Silvia Abril Fernández (Mataró, 10 April 1971) is a Spanish comedian, actress and TV host.

Biography
Abril was born in Mataró, Barcelona, and she has three sisters: Meritxell (1986), Mónica (1973) and Anabel. She is married to comedian Andreu Buenafuente, and their child, Joana, was born on 28 November 2012.

Career
She is best known for her roles in hit Spanish series La que se avecina as Violeta Recio, Spanish Movie as Laura, and as one of the dancers for the Spanish entry at the Eurovision Song Contest 2008, "Baila el Chiki-chiki".

On 19 September 2017 she participated at the second season of MasterChef Celebrity with Bibiana Fernández, Pepón Nieto, Marina San José, Anabel Alonso, Patricia Montero, Edu Soto, José Corbacho, Usun Yoon, Juan Betancourt, Saúl Craviotto and Carlos Baute.
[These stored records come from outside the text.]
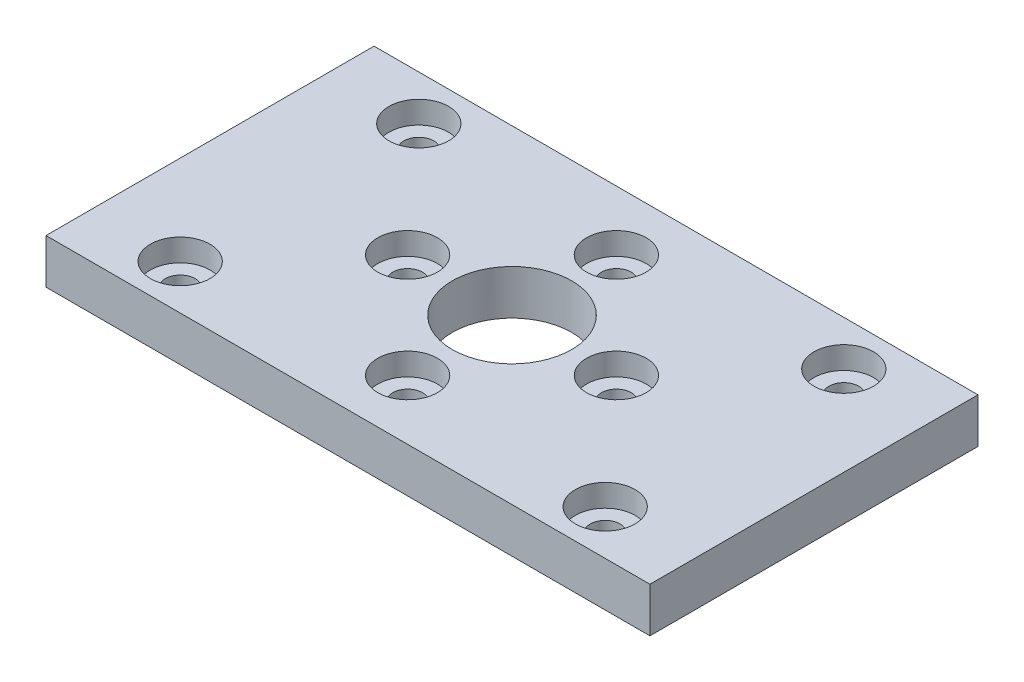
ISO-10303-21;
HEADER;
FILE_DESCRIPTION(('STEP AP214'),'2;1');
FILE_NAME('part.step','',(''),(''),'','','');
FILE_SCHEMA(('AUTOMOTIVE_DESIGN { 1 0 10303 214 1 1 1 1 }'));
ENDSEC;
DATA;
#1=APPLICATION_CONTEXT('core data for automotive mechanical design processes');
#2=APPLICATION_PROTOCOL_DEFINITION('international standard','automotive_design',2000,#1);
#3=PRODUCT_CONTEXT('',#1,'mechanical');
#4=PRODUCT('Part','Part','',(#3));
#5=PRODUCT_RELATED_PRODUCT_CATEGORY('part','',(#4));
#6=PRODUCT_DEFINITION_FORMATION('','',#4);
#7=PRODUCT_DEFINITION_CONTEXT('part definition',#1,'design');
#8=PRODUCT_DEFINITION('design','',#6,#7);
#9=PRODUCT_DEFINITION_SHAPE('','',#8);
#10=(LENGTH_UNIT() NAMED_UNIT(*) SI_UNIT(.MILLI.,.METRE.));
#11=(NAMED_UNIT(*) PLANE_ANGLE_UNIT() SI_UNIT($,.RADIAN.));
#12=(NAMED_UNIT(*) SI_UNIT($,.STERADIAN.) SOLID_ANGLE_UNIT());
#13=UNCERTAINTY_MEASURE_WITH_UNIT(LENGTH_MEASURE(1.E-05),#10,'distance_accuracy_value','');
#14=(GEOMETRIC_REPRESENTATION_CONTEXT(3) GLOBAL_UNCERTAINTY_ASSIGNED_CONTEXT((#13)) GLOBAL_UNIT_ASSIGNED_CONTEXT((#10,
#11,#12)) REPRESENTATION_CONTEXT('',''));
#15=CARTESIAN_POINT('',(0.,0.,0.));
#16=DIRECTION('',(0.,0.,1.));
#17=DIRECTION('',(1.,0.,0.));
#18=AXIS2_PLACEMENT_3D('',#15,#16,#17);
#19=CARTESIAN_POINT('',(14.25,-7.,8.));
#20=DIRECTION('',(0.,1.,0.));
#21=DIRECTION('',(0.,0.,1.));
#22=AXIS2_PLACEMENT_3D('',#19,#20,#21);
#23=CYLINDRICAL_SURFACE('',#22,1.);
#24=CARTESIAN_POINT('',(14.25,0.,8.));
#25=DIRECTION('',(0.,-1.,0.));
#26=DIRECTION('',(0.,0.,-1.));
#27=AXIS2_PLACEMENT_3D('',#24,#25,#26);
#28=CIRCLE('',#27,1.);
#29=CARTESIAN_POINT('',(14.25,0.,7.));
#30=VERTEX_POINT('',#29);
#31=EDGE_CURVE('E116',#30,#30,#28,.T.);
#32=ORIENTED_EDGE('',*,*,#31,.T.);
#33=EDGE_LOOP('',(#32));
#34=FACE_BOUND('',#33,.T.);
#35=CARTESIAN_POINT('',(14.25,1.5,8.));
#36=DIRECTION('',(0.,1.,0.));
#37=DIRECTION('',(0.,0.,1.));
#38=AXIS2_PLACEMENT_3D('',#35,#36,#37);
#39=CIRCLE('',#38,1.);
#40=CARTESIAN_POINT('',(14.25,1.5,9.));
#41=VERTEX_POINT('',#40);
#42=EDGE_CURVE('E156',#41,#41,#39,.F.);
#43=ORIENTED_EDGE('',*,*,#42,.F.);
#44=EDGE_LOOP('',(#43));
#45=FACE_BOUND('',#44,.T.);
#46=ADVANCED_FACE('F34',(#34,#45),#23,.F.);
#47=CARTESIAN_POINT('',(-14.25,-7.,8.));
#48=DIRECTION('',(0.,1.,0.));
#49=DIRECTION('',(0.,0.,1.));
#50=AXIS2_PLACEMENT_3D('',#47,#48,#49);
#51=CYLINDRICAL_SURFACE('',#50,1.);
#52=CARTESIAN_POINT('',(-14.25,0.,8.));
#53=DIRECTION('',(0.,-1.,0.));
#54=DIRECTION('',(0.,0.,-1.));
#55=AXIS2_PLACEMENT_3D('',#52,#53,#54);
#56=CIRCLE('',#55,1.);
#57=CARTESIAN_POINT('',(-14.25,0.,7.));
#58=VERTEX_POINT('',#57);
#59=EDGE_CURVE('E112',#58,#58,#56,.T.);
#60=ORIENTED_EDGE('',*,*,#59,.T.);
#61=EDGE_LOOP('',(#60));
#62=FACE_BOUND('',#61,.T.);
#63=CARTESIAN_POINT('',(-14.25,1.5,8.));
#64=DIRECTION('',(0.,1.,0.));
#65=DIRECTION('',(0.,0.,1.));
#66=AXIS2_PLACEMENT_3D('',#63,#64,#65);
#67=CIRCLE('',#66,1.);
#68=CARTESIAN_POINT('',(-14.25,1.5,9.));
#69=VERTEX_POINT('',#68);
#70=EDGE_CURVE('E154',#69,#69,#67,.F.);
#71=ORIENTED_EDGE('',*,*,#70,.F.);
#72=EDGE_LOOP('',(#71));
#73=FACE_BOUND('',#72,.T.);
#74=ADVANCED_FACE('F194',(#62,#73),#51,.F.);
#75=CARTESIAN_POINT('',(-6.9999999999998,-7.,1.98951966012828E-13));
#76=DIRECTION('',(0.,1.,0.));
#77=DIRECTION('',(0.,0.,1.));
#78=AXIS2_PLACEMENT_3D('',#75,#76,#77);
#79=CYLINDRICAL_SURFACE('',#78,1.00000000000032);
#80=CARTESIAN_POINT('',(-6.9999999999998,0.,1.98951966012828E-13));
#81=DIRECTION('',(0.,-1.,0.));
#82=DIRECTION('',(0.,0.,-1.));
#83=AXIS2_PLACEMENT_3D('',#80,#81,#82);
#84=CIRCLE('',#83,1.00000000000032);
#85=CARTESIAN_POINT('',(-6.9999999999998,0.,-1.00000000000012));
#86=VERTEX_POINT('',#85);
#87=EDGE_CURVE('E129',#86,#86,#84,.T.);
#88=ORIENTED_EDGE('',*,*,#87,.T.);
#89=EDGE_LOOP('',(#88));
#90=FACE_BOUND('',#89,.T.);
#91=CARTESIAN_POINT('',(-6.9999999999998,1.5,1.98951966012828E-13));
#92=DIRECTION('',(0.,1.,0.));
#93=DIRECTION('',(0.,0.,1.));
#94=AXIS2_PLACEMENT_3D('',#91,#92,#93);
#95=CIRCLE('',#94,1.00000000000032);
#96=CARTESIAN_POINT('',(-6.9999999999998,1.5,1.00000000000052));
#97=VERTEX_POINT('',#96);
#98=EDGE_CURVE('E148',#97,#97,#95,.F.);
#99=ORIENTED_EDGE('',*,*,#98,.F.);
#100=EDGE_LOOP('',(#99));
#101=FACE_BOUND('',#100,.T.);
#102=ADVANCED_FACE('F200',(#90,#101),#79,.F.);
#103=CARTESIAN_POINT('',(3.9618942650685E-13,-7.,7.));
#104=DIRECTION('',(0.,1.,0.));
#105=DIRECTION('',(0.,0.,1.));
#106=AXIS2_PLACEMENT_3D('',#103,#104,#105);
#107=CYLINDRICAL_SURFACE('',#106,1.00000000000043);
#108=CARTESIAN_POINT('',(3.9618942650685E-13,0.,7.));
#109=DIRECTION('',(0.,-1.,0.));
#110=DIRECTION('',(0.,0.,-1.));
#111=AXIS2_PLACEMENT_3D('',#108,#109,#110);
#112=CIRCLE('',#111,1.00000000000043);
#113=CARTESIAN_POINT('',(3.9618942650685E-13,0.,5.99999999999957));
#114=VERTEX_POINT('',#113);
#115=EDGE_CURVE('E132',#114,#114,#112,.T.);
#116=ORIENTED_EDGE('',*,*,#115,.T.);
#117=EDGE_LOOP('',(#116));
#118=FACE_BOUND('',#117,.T.);
#119=CARTESIAN_POINT('',(3.9618942650685E-13,1.5,7.));
#120=DIRECTION('',(0.,1.,0.));
#121=DIRECTION('',(0.,0.,1.));
#122=AXIS2_PLACEMENT_3D('',#119,#120,#121);
#123=CIRCLE('',#122,1.00000000000043);
#124=CARTESIAN_POINT('',(3.9618942650685E-13,1.5,8.00000000000042));
#125=VERTEX_POINT('',#124);
#126=EDGE_CURVE('E144',#125,#125,#123,.F.);
#127=ORIENTED_EDGE('',*,*,#126,.F.);
#128=EDGE_LOOP('',(#127));
#129=FACE_BOUND('',#128,.T.);
#130=ADVANCED_FACE('F224',(#118,#129),#107,.F.);
#131=CARTESIAN_POINT('',(7.0000000000002,-7.,-1.98094713253425E-13));
#132=DIRECTION('',(0.,1.,0.));
#133=DIRECTION('',(0.,0.,1.));
#134=AXIS2_PLACEMENT_3D('',#131,#132,#133);
#135=CYLINDRICAL_SURFACE('',#134,1.00000000000015);
#136=CARTESIAN_POINT('',(7.0000000000002,0.,-1.98094713253425E-13));
#137=DIRECTION('',(0.,-1.,0.));
#138=DIRECTION('',(0.,0.,-1.));
#139=AXIS2_PLACEMENT_3D('',#136,#137,#138);
#140=CIRCLE('',#139,1.00000000000015);
#141=CARTESIAN_POINT('',(7.0000000000002,0.,-1.00000000000035));
#142=VERTEX_POINT('',#141);
#143=EDGE_CURVE('E128',#142,#142,#140,.T.);
#144=ORIENTED_EDGE('',*,*,#143,.T.);
#145=EDGE_LOOP('',(#144));
#146=FACE_BOUND('',#145,.T.);
#147=CARTESIAN_POINT('',(7.0000000000002,1.5,-1.98094713253425E-13));
#148=DIRECTION('',(0.,1.,0.));
#149=DIRECTION('',(0.,0.,1.));
#150=AXIS2_PLACEMENT_3D('',#147,#148,#149);
#151=CIRCLE('',#150,1.00000000000015);
#152=CARTESIAN_POINT('',(7.0000000000002,1.5,0.999999999999957));
#153=VERTEX_POINT('',#152);
#154=EDGE_CURVE('E141',#153,#153,#151,.F.);
#155=ORIENTED_EDGE('',*,*,#154,.F.);
#156=EDGE_LOOP('',(#155));
#157=FACE_BOUND('',#156,.T.);
#158=ADVANCED_FACE('F219',(#146,#157),#135,.F.);
#159=CARTESIAN_POINT('',(20.25,3.,11.));
#160=DIRECTION('',(-1.,0.,0.));
#161=DIRECTION('',(0.,0.,1.));
#162=AXIS2_PLACEMENT_3D('',#159,#160,#161);
#163=PLANE('',#162);
#164=DIRECTION('',(0.,0.,-1.));
#165=VECTOR('',#164,1.);
#166=CARTESIAN_POINT('',(20.25,0.,11.));
#167=LINE('',#166,#165);
#168=CARTESIAN_POINT('',(20.25,0.,11.));
#169=VERTEX_POINT('',#168);
#170=CARTESIAN_POINT('',(20.25,0.,-11.));
#171=VERTEX_POINT('',#170);
#172=EDGE_CURVE('E101',#169,#171,#167,.T.);
#173=ORIENTED_EDGE('',*,*,#172,.T.);
#174=DIRECTION('',(0.,-1.,0.));
#175=VECTOR('',#174,1.);
#176=CARTESIAN_POINT('',(20.25,3.,-11.));
#177=LINE('',#176,#175);
#178=CARTESIAN_POINT('',(20.25,3.,-11.));
#179=VERTEX_POINT('',#178);
#180=EDGE_CURVE('E11',#179,#171,#177,.T.);
#181=ORIENTED_EDGE('',*,*,#180,.F.);
#182=DIRECTION('',(0.,0.,-1.));
#183=VECTOR('',#182,1.);
#184=CARTESIAN_POINT('',(20.25,3.,11.));
#185=LINE('',#184,#183);
#186=CARTESIAN_POINT('',(20.25,3.,11.));
#187=VERTEX_POINT('',#186);
#188=EDGE_CURVE('E88',#187,#179,#185,.T.);
#189=ORIENTED_EDGE('',*,*,#188,.F.);
#190=DIRECTION('',(0.,-1.,0.));
#191=VECTOR('',#190,1.);
#192=CARTESIAN_POINT('',(20.25,3.,11.));
#193=LINE('',#192,#191);
#194=EDGE_CURVE('E97',#187,#169,#193,.T.);
#195=ORIENTED_EDGE('',*,*,#194,.T.);
#196=EDGE_LOOP('',(#173,#181,#189,#195));
#197=FACE_BOUND('',#196,.T.);
#198=ADVANCED_FACE('F36',(#197),#163,.F.);
#199=CARTESIAN_POINT('',(-20.25,3.,-11.));
#200=DIRECTION('',(0.,0.,1.));
#201=DIRECTION('',(1.,0.,0.));
#202=AXIS2_PLACEMENT_3D('',#199,#200,#201);
#203=PLANE('',#202);
#204=DIRECTION('',(-1.,0.,0.));
#205=VECTOR('',#204,1.);
#206=CARTESIAN_POINT('',(-20.25,0.,-11.));
#207=LINE('',#206,#205);
#208=CARTESIAN_POINT('',(-20.25,0.,-11.));
#209=VERTEX_POINT('',#208);
#210=EDGE_CURVE('E92',#171,#209,#207,.T.);
#211=ORIENTED_EDGE('',*,*,#210,.T.);
#212=DIRECTION('',(0.,-1.,0.));
#213=VECTOR('',#212,1.);
#214=CARTESIAN_POINT('',(-20.25,3.,-11.));
#215=LINE('',#214,#213);
#216=CARTESIAN_POINT('',(-20.25,3.,-11.));
#217=VERTEX_POINT('',#216);
#218=EDGE_CURVE('E44',#217,#209,#215,.T.);
#219=ORIENTED_EDGE('',*,*,#218,.F.);
#220=DIRECTION('',(-1.,0.,0.));
#221=VECTOR('',#220,1.);
#222=CARTESIAN_POINT('',(-20.25,3.,-11.));
#223=LINE('',#222,#221);
#224=EDGE_CURVE('E83',#179,#217,#223,.T.);
#225=ORIENTED_EDGE('',*,*,#224,.F.);
#226=ORIENTED_EDGE('',*,*,#180,.T.);
#227=EDGE_LOOP('',(#211,#219,#225,#226));
#228=FACE_BOUND('',#227,.T.);
#229=ADVANCED_FACE('F91',(#228),#203,.F.);
#230=CARTESIAN_POINT('',(-20.25,3.,11.));
#231=DIRECTION('',(1.,0.,0.));
#232=DIRECTION('',(0.,0.,-1.));
#233=AXIS2_PLACEMENT_3D('',#230,#231,#232);
#234=PLANE('',#233);
#235=DIRECTION('',(0.,0.,1.));
#236=VECTOR('',#235,1.);
#237=CARTESIAN_POINT('',(-20.25,0.,11.));
#238=LINE('',#237,#236);
#239=CARTESIAN_POINT('',(-20.25,0.,11.));
#240=VERTEX_POINT('',#239);
#241=EDGE_CURVE('E70',#209,#240,#238,.T.);
#242=ORIENTED_EDGE('',*,*,#241,.T.);
#243=DIRECTION('',(0.,-1.,0.));
#244=VECTOR('',#243,1.);
#245=CARTESIAN_POINT('',(-20.25,3.,11.));
#246=LINE('',#245,#244);
#247=CARTESIAN_POINT('',(-20.25,3.,11.));
#248=VERTEX_POINT('',#247);
#249=EDGE_CURVE('E93',#248,#240,#246,.T.);
#250=ORIENTED_EDGE('',*,*,#249,.F.);
#251=DIRECTION('',(0.,0.,1.));
#252=VECTOR('',#251,1.);
#253=CARTESIAN_POINT('',(-20.25,3.,11.));
#254=LINE('',#253,#252);
#255=EDGE_CURVE('E86',#217,#248,#254,.T.);
#256=ORIENTED_EDGE('',*,*,#255,.F.);
#257=ORIENTED_EDGE('',*,*,#218,.T.);
#258=EDGE_LOOP('',(#242,#250,#256,#257));
#259=FACE_BOUND('',#258,.T.);
#260=ADVANCED_FACE('F95',(#259),#234,.F.);
#261=CARTESIAN_POINT('',(-20.25,3.,11.));
#262=DIRECTION('',(0.,0.,-1.));
#263=DIRECTION('',(-1.,0.,0.));
#264=AXIS2_PLACEMENT_3D('',#261,#262,#263);
#265=PLANE('',#264);
#266=DIRECTION('',(1.,0.,0.));
#267=VECTOR('',#266,1.);
#268=CARTESIAN_POINT('',(-20.25,0.,11.));
#269=LINE('',#268,#267);
#270=EDGE_CURVE('E76',#240,#169,#269,.T.);
#271=ORIENTED_EDGE('',*,*,#270,.T.);
#272=ORIENTED_EDGE('',*,*,#194,.F.);
#273=DIRECTION('',(1.,0.,0.));
#274=VECTOR('',#273,1.);
#275=CARTESIAN_POINT('',(-20.25,3.,11.));
#276=LINE('',#275,#274);
#277=EDGE_CURVE('E53',#248,#187,#276,.T.);
#278=ORIENTED_EDGE('',*,*,#277,.F.);
#279=ORIENTED_EDGE('',*,*,#249,.T.);
#280=EDGE_LOOP('',(#271,#272,#278,#279));
#281=FACE_BOUND('',#280,.T.);
#282=ADVANCED_FACE('F179',(#281),#265,.F.);
#283=CARTESIAN_POINT('',(0.,3.,0.));
#284=DIRECTION('',(0.,-1.,0.));
#285=DIRECTION('',(0.,0.,-1.));
#286=AXIS2_PLACEMENT_3D('',#283,#284,#285);
#287=PLANE('',#286);
#288=CARTESIAN_POINT('',(-14.25,3.,8.));
#289=DIRECTION('',(0.,1.,0.));
#290=DIRECTION('',(0.,0.,1.));
#291=AXIS2_PLACEMENT_3D('',#288,#289,#290);
#292=CIRCLE('',#291,2.);
#293=CARTESIAN_POINT('',(-14.25,3.,10.));
#294=VERTEX_POINT('',#293);
#295=EDGE_CURVE('E416',#294,#294,#292,.T.);
#296=ORIENTED_EDGE('',*,*,#295,.F.);
#297=EDGE_LOOP('',(#296));
#298=FACE_BOUND('',#297,.T.);
#299=CARTESIAN_POINT('',(3.9618942650685E-13,3.,7.));
#300=DIRECTION('',(0.,1.,0.));
#301=DIRECTION('',(0.,0.,1.));
#302=AXIS2_PLACEMENT_3D('',#299,#300,#301);
#303=CIRCLE('',#302,2.);
#304=CARTESIAN_POINT('',(3.9618942650685E-13,3.,9.));
#305=VERTEX_POINT('',#304);
#306=EDGE_CURVE('E422',#305,#305,#303,.T.);
#307=ORIENTED_EDGE('',*,*,#306,.F.);
#308=EDGE_LOOP('',(#307));
#309=FACE_BOUND('',#308,.T.);
#310=CARTESIAN_POINT('',(14.25,3.,8.));
#311=DIRECTION('',(0.,1.,0.));
#312=DIRECTION('',(0.,0.,1.));
#313=AXIS2_PLACEMENT_3D('',#310,#311,#312);
#314=CIRCLE('',#313,2.);
#315=CARTESIAN_POINT('',(14.25,3.,10.));
#316=VERTEX_POINT('',#315);
#317=EDGE_CURVE('E409',#316,#316,#314,.T.);
#318=ORIENTED_EDGE('',*,*,#317,.F.);
#319=EDGE_LOOP('',(#318));
#320=FACE_BOUND('',#319,.T.);
#321=CARTESIAN_POINT('',(-14.2500000000001,3.,-7.99999999999969));
#322=DIRECTION('',(0.,1.,0.));
#323=DIRECTION('',(0.,0.,-1.));
#324=AXIS2_PLACEMENT_3D('',#321,#322,#323);
#325=CIRCLE('',#324,2.);
#326=CARTESIAN_POINT('',(-14.2500000000001,3.,-9.99999999999969));
#327=VERTEX_POINT('',#326);
#328=EDGE_CURVE('E406',#327,#327,#325,.T.);
#329=ORIENTED_EDGE('',*,*,#328,.F.);
#330=EDGE_LOOP('',(#329));
#331=FACE_BOUND('',#330,.T.);
#332=CARTESIAN_POINT('',(-6.9999999999998,3.,1.98951966012828E-13));
#333=DIRECTION('',(0.,1.,0.));
#334=DIRECTION('',(0.,0.,1.));
#335=AXIS2_PLACEMENT_3D('',#332,#333,#334);
#336=CIRCLE('',#335,2.);
#337=CARTESIAN_POINT('',(-6.9999999999998,3.,2.0000000000002));
#338=VERTEX_POINT('',#337);
#339=EDGE_CURVE('E415',#338,#338,#336,.T.);
#340=ORIENTED_EDGE('',*,*,#339,.F.);
#341=EDGE_LOOP('',(#340));
#342=FACE_BOUND('',#341,.T.);
#343=CARTESIAN_POINT('',(7.0000000000002,3.,-1.98094713253425E-13));
#344=DIRECTION('',(0.,1.,0.));
#345=DIRECTION('',(0.,0.,1.));
#346=AXIS2_PLACEMENT_3D('',#343,#344,#345);
#347=CIRCLE('',#346,2.);
#348=CARTESIAN_POINT('',(7.0000000000002,3.,1.9999999999998));
#349=VERTEX_POINT('',#348);
#350=EDGE_CURVE('E434',#349,#349,#347,.T.);
#351=ORIENTED_EDGE('',*,*,#350,.F.);
#352=EDGE_LOOP('',(#351));
#353=FACE_BOUND('',#352,.T.);
#354=CARTESIAN_POINT('',(3.40678275275592E-13,3.,-6.99999999999981));
#355=DIRECTION('',(0.,1.,0.));
#356=DIRECTION('',(0.,0.,-1.));
#357=AXIS2_PLACEMENT_3D('',#354,#355,#356);
#358=CIRCLE('',#357,2.);
#359=CARTESIAN_POINT('',(3.40678275275592E-13,3.,-8.99999999999981));
#360=VERTEX_POINT('',#359);
#361=EDGE_CURVE('E428',#360,#360,#358,.T.);
#362=ORIENTED_EDGE('',*,*,#361,.F.);
#363=EDGE_LOOP('',(#362));
#364=FACE_BOUND('',#363,.T.);
#365=CARTESIAN_POINT('',(14.2499999999999,3.,-7.99999999999992));
#366=DIRECTION('',(0.,1.,0.));
#367=DIRECTION('',(0.,0.,-1.));
#368=AXIS2_PLACEMENT_3D('',#365,#366,#367);
#369=CIRCLE('',#368,2.);
#370=CARTESIAN_POINT('',(14.2499999999999,3.,-9.99999999999991));
#371=VERTEX_POINT('',#370);
#372=EDGE_CURVE('E161',#371,#371,#369,.T.);
#373=ORIENTED_EDGE('',*,*,#372,.F.);
#374=EDGE_LOOP('',(#373));
#375=FACE_BOUND('',#374,.T.);
#376=CARTESIAN_POINT('',(0.,3.,0.));
#377=DIRECTION('',(0.,1.,0.));
#378=DIRECTION('',(0.,0.,1.));
#379=AXIS2_PLACEMENT_3D('',#376,#377,#378);
#380=CIRCLE('',#379,4.);
#381=CARTESIAN_POINT('',(0.,3.,4.));
#382=VERTEX_POINT('',#381);
#383=EDGE_CURVE('E124',#382,#382,#380,.T.);
#384=ORIENTED_EDGE('',*,*,#383,.F.);
#385=EDGE_LOOP('',(#384));
#386=FACE_BOUND('',#385,.T.);
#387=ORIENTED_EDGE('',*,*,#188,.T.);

She was the fourth contestant eliminated, but she was brought back in the next episode, and she finally was the runner-up.

Abril is the panelist of the television show Cero en Historia alongside Raúl Cimas, Sara Escudero and J.J. Vaquero, which is presented by Joaquín Reyes. In the season 3 episode 14 Silvia Abril was replaced by Anabel Alonso due to health problems. He was replaced by Patricia Conde in the fourth season.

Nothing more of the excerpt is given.